* _EXERCISE OBJECTIVE_: Scan the entries for lines with the word "layers" and copy those lines.
--- START ---
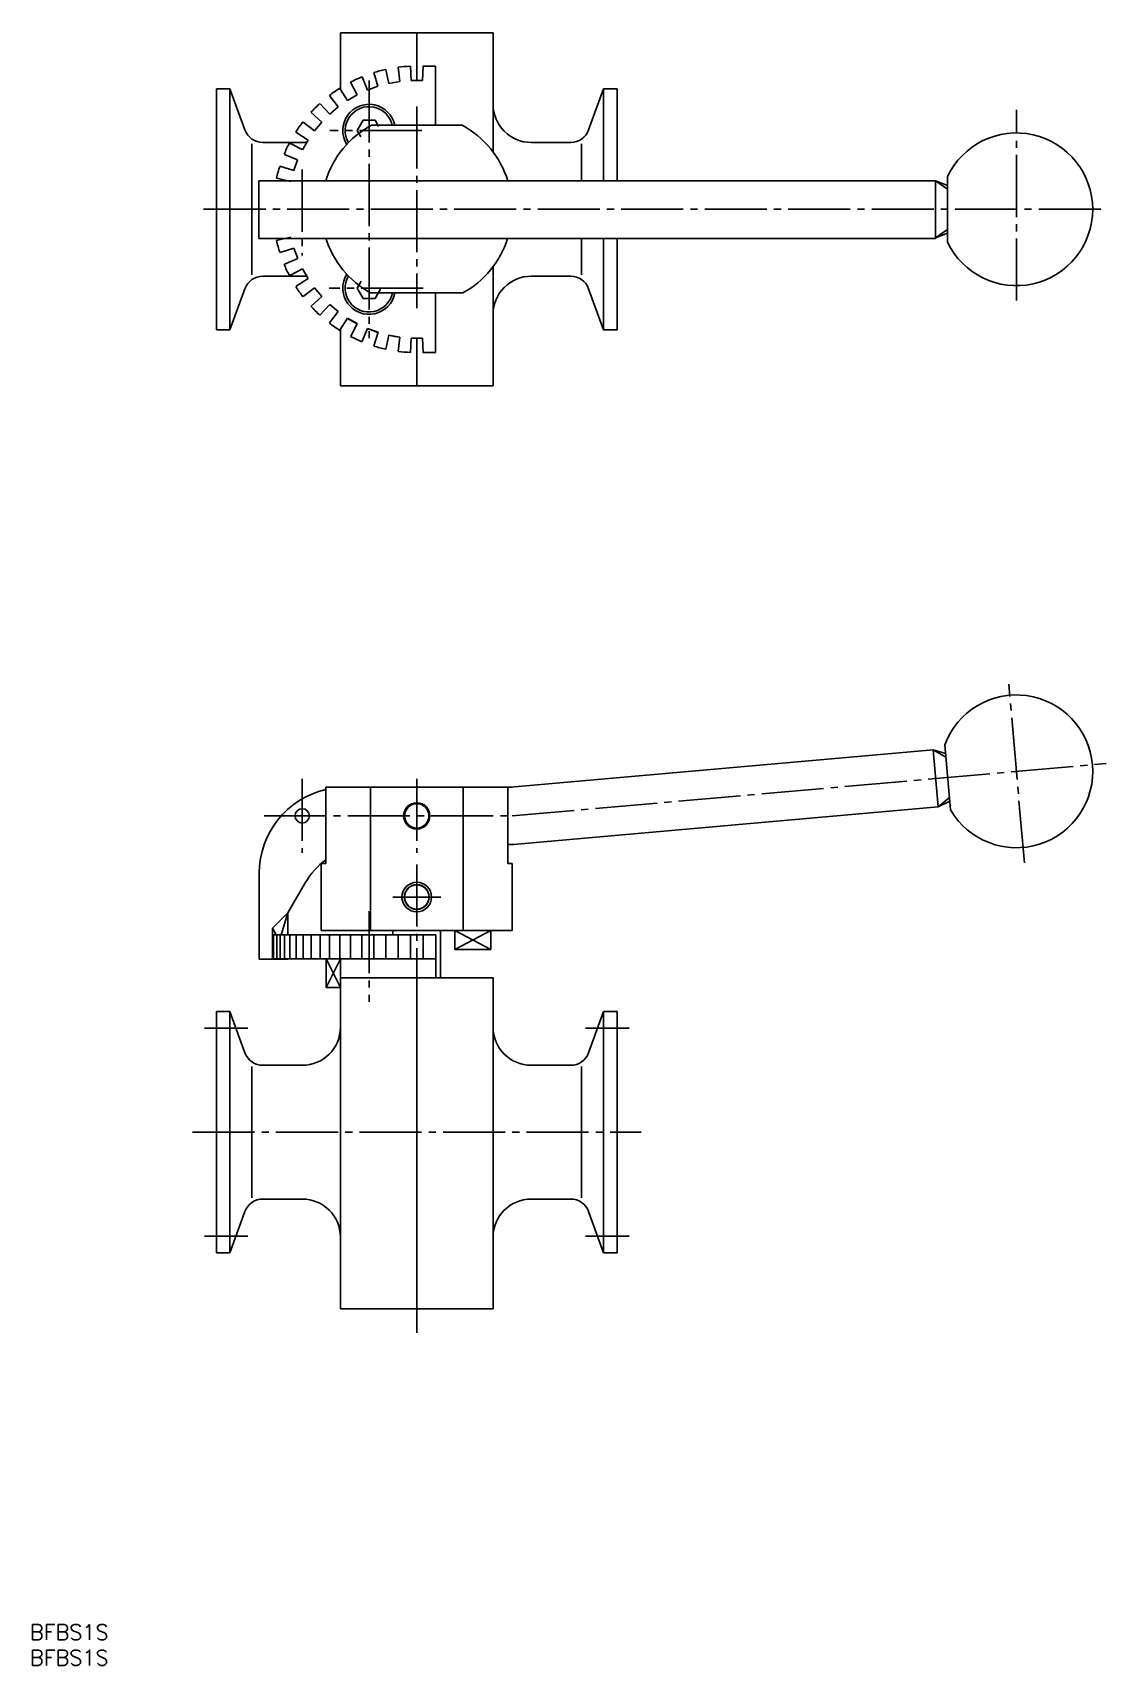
# Model space of a CAD drawing. Extents: x 55 to 280, y 146 to 488.
import ezdxf

# ---------------------------------------------------------------- set-up
doc = ezdxf.new("R2010")
doc.units = 0
doc.linetypes.add('CENTER', pattern=[17.5, 13, -1.5, 1.5, -1.5])
doc.layers.get('0').update_dxf_attribs({"linetype": 'CONTINUOUS'})
doc.layers.add('CENTER', color=1, linetype='CENTER')
doc.styles.get("Standard").update_dxf_attribs({"font": 'txt.shx', "bigfont": '@extfont2.shx'})

msp = doc.modelspace()

# ---------------------------------------------------------------- linework, layer by layer
at = {"color": 7, "linetype": 'CONTINUOUS'}
for p, q in [((135.8, 488.3), (119.8, 488.3)), ((119.8, 476.43), (119.8, 488.3)), ((135.8, 488.3), (151.8, 488.3)), ((135.8, 488.3), (135.8, 478.29)), ((151.8, 463.3), (151.8, 488.3)), ((125.48, 476.24), (124.33, 479.03)), ((127.67, 477.08), (126.77, 479.94)), ((129.96, 477.67), (129.31, 480.6)), ((132.27, 478.1), (131.88, 481.08)), ((134.5, 481.28), (134.63, 478.28)), ((136.98, 478.3), (137.11, 481.3)), ((137.1, 481.3), (139.7, 481.3)), ((139.7, 481.3), (139.7, 468.9)), ((93.8, 451.3), (93.8, 476.55)), ((93.8, 476.55), (96.65, 476.55)), ((96.65, 476.55), (96.65, 426.05)), ((99.79, 467.94), (96.65, 476.55)), ((121.3, 474.08), (119.69, 476.61)), ((123.32, 475.27), (121.93, 477.94)), ((125.47, 476.25), (127.67, 477.08)), ((129.96, 477.67), (132.27, 478.1)), ((134.63, 478.28), (136.98, 478.3)), ((135.8, 478.3), (136.98, 478.3)), ((171.82, 467.94), (174.95, 476.55)), ((174.95, 457.27), (174.95, 476.55)), ((177.8, 476.55), (174.95, 476.55)), ((177.8, 457.27), (177.8, 476.55)), ((117.56, 471.22), (115.54, 473.43)), ((119.35, 472.74), (117.52, 475.12)), ((117.56, 471.22), (119.35, 472.74)), ((121.3, 474.08), (123.32, 475.27)), ((114.38, 467.75), (112, 469.57)), ((115.88, 469.56), (113.66, 471.59)), ((114.38, 467.75), (115.88, 469.56)), ((123.3, 467.8), (124.55, 469.97)), ((124.55, 469.97), (127.05, 469.97)), ((145.3, 468.9), (126.3, 468.9)), ((127.05, 469.97), (127.81, 468.66)), ((103.55, 465.3), (111.8, 465.3)), ((111.77, 463.82), (109.19, 465.16)), ((113.01, 465.82), (110.48, 467.43)), ((111.85, 463.78), (113.01, 465.82)), ((123.66, 467.19), (123.3, 467.8)), ((168.06, 465.3), (159.8, 465.3)), ((101.26, 465.03), (101.26, 437.58)), ((110.83, 461.64), (108.06, 462.79)), ((170.35, 465.03), (170.35, 457.27)), ((110.05, 459.43), (107.1, 460.36)), ((110.05, 459.43), (110.83, 461.64)), ((102.71, 457.27), (244.5, 457.27)), ((102.71, 457.27), (102.71, 445.18)), ((109.42, 457.15), (106.41, 457.82)), ((244.5, 445.3), (244.5, 457.3)), ((247, 456.3), (244.5, 457.3)), ((247, 455.55), (244.5, 457.3)), ((247, 458.16), (247, 444.45)), ((93.8, 451.3), (93.8, 426.05)), ((102.71, 445.18), (244.5, 445.18)), ((108.16, 445.18), (106.41, 444.79)), ((108.16, 445.18), (109.44, 445.46)), ((170.35, 445.18), (170.35, 437.58)), ((174.95, 426.05), (174.95, 445.18)), ((177.8, 445.18), (177.8, 426.05)), ((247, 447.05), (244.5, 445.3)), ((247, 446.3), (244.5, 445.3)), ((110.03, 443.17), (107.17, 442.27)), ((110.85, 440.97), (110.03, 443.17)), ((110.85, 440.97), (108.08, 439.83)), ((111.83, 438.82), (109.17, 437.44)), ((113.03, 436.8), (111.83, 438.82)), ((151.8, 439.3), (151.8, 414.3)), ((99.79, 434.67), (96.65, 426.05)), ((103.55, 437.3), (111.8, 437.3)), ((113.03, 436.8), (110.5, 435.19)), ((114.37, 434.85), (111.98, 433.02)), ((115.89, 433.06), (114.37, 434.85)), ((123.66, 435.42), (123.3, 434.8)), ((123.3, 434.8), (124.55, 432.64)), ((168.06, 437.3), (159.8, 437.3)), ((171.82, 434.67), (174.95, 426.05)), ((115.89, 433.06), (113.68, 431.04)), ((117.55, 431.38), (115.52, 429.16)), ((119.36, 429.88), (117.55, 431.38)), ((124.55, 432.64), (127.05, 432.64)), ((126.12, 433.8), (145.49, 433.8)), ((127.05, 432.64), (127.73, 433.8)), ((139.7, 433.8), (139.7, 421.31)), ((119.36, 429.88), (117.54, 427.5)), ((121.29, 428.51), (119.67, 425.98)), ((123.33, 427.35), (121.29, 428.51)), ((93.8, 426.05), (96.65, 426.05)), ((119.8, 426.18), (119.8, 414.3)), ((123.33, 427.35), (121.95, 424.69)), ((125.47, 426.34), (124.32, 423.56)), ((127.68, 425.55), (125.47, 426.34)), ((127.68, 425.55), (126.78, 422.69)), ((129.96, 424.94), (129.31, 422.01)), ((129.96, 424.94), (132.27, 424.51)), ((132.27, 424.51), (131.88, 421.53)), ((134.5, 421.33), (134.63, 424.33)), ((134.63, 424.33), (136.98, 424.31)), ((135.8, 424.32), (135.8, 414.3)), ((135.8, 424.31), (136.98, 424.31)), ((136.98, 424.31), (137.11, 421.31)), ((177.8, 426.05), (174.95, 426.05)), ((137.1, 421.31), (139.7, 421.31)), ((135.8, 414.3), (119.8, 414.3)), ((135.8, 414.3), (151.8, 414.3)), ((246.46, 339.15), (247.65, 325.49)), ((155.52, 330.25), (244.04, 338.08)), ((246.69, 336.56), (244.04, 338.08)), ((246.62, 337.3), (244.04, 338.08)), ((245.09, 326.13), (244.04, 338.08)), ((116.73, 330.25), (116.73, 314.25)), ((116.73, 330.25), (120.8, 330.25)), ((120.8, 330.25), (155.8, 330.25)), ((126.12, 330.25), (126.12, 300.25)), ((145.49, 330.25), (145.49, 300.25)), ((154.88, 330.25), (154.88, 314.25)), ((156.04, 318.25), (245.09, 326.13)), ((247.43, 328.09), (245.09, 326.13)), ((247.49, 327.34), (245.09, 326.13)), ((154.88, 318.25), (156.04, 318.25)), ((102.8, 312.25), (102.8, 294.25)), ((115.8, 314.25), (115.8, 300.25)), ((115.8, 314.25), (116.73, 314.25)), ((154.88, 314.25), (155.8, 314.25)), ((155.8, 314.25), (155.8, 300.25)), ((108.8, 303.95), (112.44, 310.25)), ((105.6, 300.75), (108.8, 303.95)), ((107.37, 299.3), (108.8, 303.95)), ((108.8, 303.95), (108.8, 299.3)), ((105.6, 300.75), (105.6, 294.25)), ((105.6, 300.75), (106.32, 299.3)), ((105.8, 299.3), (105.8, 294.3)), ((139.8, 299.3), (105.8, 299.3)), ((115.8, 300.25), (155.8, 300.25)), ((130.8, 299.3), (130.8, 300.25)), ((139.8, 290.3), (139.8, 299.3)), ((140.8, 290.3), (140.8, 300.25)), ((143.8, 300.25), (143.8, 296.25)), ((151.3, 300.25), (151.3, 296.25)), ((102.8, 294.25), (108.8, 294.25)), ((105.8, 294.25), (105.82, 294.3)), ((139.8, 294.3), (105.8, 294.3)), ((108.78, 294.3), (108.8, 294.25)), ((108.8, 294.3), (108.8, 294.25)), ((116.8, 294.3), (116.8, 288.3)), ((119.8, 294.3), (119.8, 288.3)), ((143.8, 296.25), (151.3, 296.25)), ((119.8, 288.3), (116.8, 288.3)), ((135.8, 290.3), (119.8, 290.3)), ((130.8, 290.3), (119.8, 290.3)), ((119.8, 258), (119.8, 290.3)), ((135.8, 290.3), (151.8, 290.3)), ((135.8, 290.3), (135.8, 221)), ((151.8, 258), (151.8, 290.3)), ((93.8, 283.25), (96.65, 283.25)), ((93.8, 258), (93.8, 283.25)), ((96.65, 283.25), (96.65, 232.75)), ((99.79, 274.63), (96.65, 283.25)), ((171.82, 274.63), (174.95, 283.25)), ((174.95, 232.75), (174.95, 283.25)), ((177.8, 283.25), (174.95, 283.25)), ((177.8, 258), (177.8, 283.25)), ((101.26, 244.27), (101.26, 271.72)), ((103.55, 272), (111.8, 272)), ((168.06, 272), (159.8, 272)), ((170.35, 271.72), (170.35, 244.27)), ((93.8, 258), (93.8, 232.75)), ((119.8, 258), (119.8, 221)), ((151.8, 258), (151.8, 221)), ((177.8, 258), (177.8, 232.75)), ((103.55, 244), (111.8, 244)), ((168.06, 244), (159.8, 244)), ((99.79, 241.37), (96.65, 232.75)), ((171.82, 241.37), (174.95, 232.75)), ((93.8, 232.75), (96.65, 232.75)), ((177.8, 232.75), (174.95, 232.75)), ((135.8, 221), (119.8, 221)), ((135.8, 221), (151.8, 221))]:
    msp.add_line(p, q, dxfattribs=at)
at = {"color": 3, "linetype": 'CONTINUOUS'}
for p, q in [((106.51, 294.3), (106.51, 299.3)), ((107.19, 299.3), (107.19, 294.3)), ((108.08, 299.3), (108.08, 294.3)), ((109.19, 299.3), (109.19, 294.3)), ((110.5, 299.3), (110.5, 294.3)), ((112, 299.3), (112, 294.3)), ((113.68, 299.3), (113.68, 294.3)), ((115.53, 299.3), (115.53, 294.3)), ((117.53, 299.3), (117.53, 294.3)), ((119.68, 299.3), (119.68, 294.3)), ((121.94, 299.3), (121.94, 294.3)), ((124.32, 299.3), (124.32, 294.3)), ((126.78, 299.3), (126.78, 294.3)), ((129.3, 299.29), (129.3, 294.3)), ((131.88, 299.3), (131.88, 294.3)), ((134.49, 299.3), (134.49, 294.3)), ((137.11, 299.3), (137.11, 294.3)), ((143.8, 300.25), (151.3, 296.25)), ((151.3, 300.25), (143.8, 296.25)), ((116.8, 288.3), (119.8, 294.3)), ((116.8, 294.3), (119.8, 288.3))]:
    msp.add_line(p, q, dxfattribs=at)
at = {"color": 7, "linetype": 'CONTINUOUS'}
for points in [[(127.81, 468.66), (127.05, 469.97), (124.55, 469.97), (123.3, 467.8), (124.08, 466.47)], [(124.14, 436.25), (123.3, 434.8), (124.55, 432.64), (127.05, 432.64), (128.17, 434.58)]]:
    msp.add_lwpolyline(points, dxfattribs=at)
for centre, radius in [((111.8, 324.25), 1.5), ((135.8, 324.25), 2.75), ((135.8, 324.25), 2.55), ((135.8, 307.25), 3.1), ((135.8, 307.25), 2.6), ((135.8, 307.25), 2.55)]:
    msp.add_circle(centre, radius, dxfattribs=at)
for centre, radius, start, end in [((135.7, 451.3), 30, 112.3029, 117.3269), ((135.7, 451.3), 30, 102.2921, 107.3131), ((135.7, 451.3), 30, 92.2874, 97.3054), ((135.7, 451.3), 30, 122.3194, 127.3461), ((135.7, 451.3), 27, 89.7716, 92.2646), ((135.7, 451.3), 30, 132.3412, 137.3704), ((125.8, 467.8), 5.5, 11.537, 211.8933), ((125.8, 467.8), 5, 12.709, 210.4017), ((159.8, 473.3), 8, 180, 270), ((135.7, 451.3), 30, 142.3676, 147.3988), ((135.8, 451.3), 20, 118.3576, 162.6574), ((135.8, 451.3), 20, 118.3576, 162.6574), ((135.8, 451.3), 20, 17.3548, 61.6424), ((135.8, 451.3), 20, 17.3548, 61.6424), ((103.55, 469.3), 4, 200, 270), ((135.7, 451.3), 30, 152.3978, 157.4306), ((111.8, 473.3), 8, 270, 276.7763), ((168.06, 469.3), 4, 270, 340), ((261.45, 451.3), 16, 205.3769, 154.6231), ((135.7, 451.3), 30, 162.4309, 167.4648), ((135.7, 451.3), 30, 192.5372, 197.5711), ((135.8, 451.3), 20, 197.4293, 241.045), ((135.8, 451.3), 20, 298.955, 342.1671), ((135.8, 451.3), 20, 298.955, 342.1671), ((135.7, 451.3), 30, 202.5714, 207.6042), ((103.55, 433.3), 4, 90, 160), ((135.7, 451.3), 30, 212.6032, 217.6344), ((111.8, 429.3), 8, 83.1204, 90), ((125.8, 434.8), 5.5, 148.1067, 349.5243), ((125.8, 434.8), 5, 149.5983, 348.463), ((159.8, 429.3), 8, 90, 180), ((168.06, 433.3), 4, 20, 90), ((135.7, 451.3), 30, 222.6316, 227.6608), ((135.7, 451.3), 27, 237.7008, 242.6954), ((135.7, 451.3), 30, 232.6558, 237.6826), ((135.7, 451.3), 30, 242.6731, 247.6971), ((135.7, 451.3), 27, 247.7192, 252.7106), ((135.7, 451.3), 27, 257.7302, 262.7183), ((135.7, 451.3), 27, 267.7354, 270.2284), ((135.7, 451.3), 30, 252.6869, 257.7079), ((135.7, 451.3), 30, 262.6946, 267.7126), ((261.46, 333.58), 16, 210.3769, 159.6231), ((120.8, 312.25), 18, 103.0969, 180), ((126.3, 302.25), 16, 126.7469, 150), ((111.8, 280), 8, 270, 0), ((159.8, 280), 8, 180, 270), ((103.55, 276), 4, 200, 270), ((168.06, 276), 4, 270, 340), ((103.55, 240), 4, 90, 160), ((111.8, 236), 8, 0, 90), ((159.8, 236), 8, 90, 180), ((168.06, 240), 4, 20, 90)]:
    msp.add_arc(centre, radius, start, end, dxfattribs=at)
at = {"layer": 'CENTER', "color": 1, "linetype": 'CENTER'}
for p, q in [((125.8, 478.3), (125.8, 424.3)), ((135.8, 472.83), (135.8, 430.57)), ((261.45, 432.18), (261.45, 472.14)), ((136.83, 467.8), (117.61, 467.8)), ((111.8, 459.61), (111.8, 441.63)), ((91.14, 451.3), (280.31, 451.3)), ((137.17, 434.8), (117.43, 434.8)), ((263.13, 314.42), (259.86, 351.87)), ((155.8, 324.25), (280.24, 335.23)), ((111.8, 332), (111.8, 316.5)), ((135.8, 332), (135.8, 316.5)), ((103.83, 324.25), (155.8, 324.25)), ((135.8, 314.05), (135.8, 216)), ((130.75, 307.25), (140.85, 307.25)), ((125.8, 304.3), (125.8, 285.3)), ((91.3, 279.75), (100.43, 279.75)), ((180.3, 279.75), (171.18, 279.75)), ((88.8, 258), (182.8, 258)), ((91.3, 236.25), (100.43, 236.25)), ((180.3, 236.25), (171.18, 236.25))]:
    msp.add_line(p, q, dxfattribs=at)

# ---------------------------------------------------------------- texts
at = {"color": 7, "linetype": 'CONTINUOUS'}
for p in [(54.76, 151.66), (54.76, 146.32)]:
    msp.add_text('BFBS1S', height=3.2, dxfattribs=at).set_placement(p)

doc.saveas('drawing.dxf')
--- END ---
* _SOLUTION_:
doc.layers.get('0').update_dxf_attribs({"linetype": 'CONTINUOUS'})
doc.layers.add('CENTER', color=1, linetype='CENTER')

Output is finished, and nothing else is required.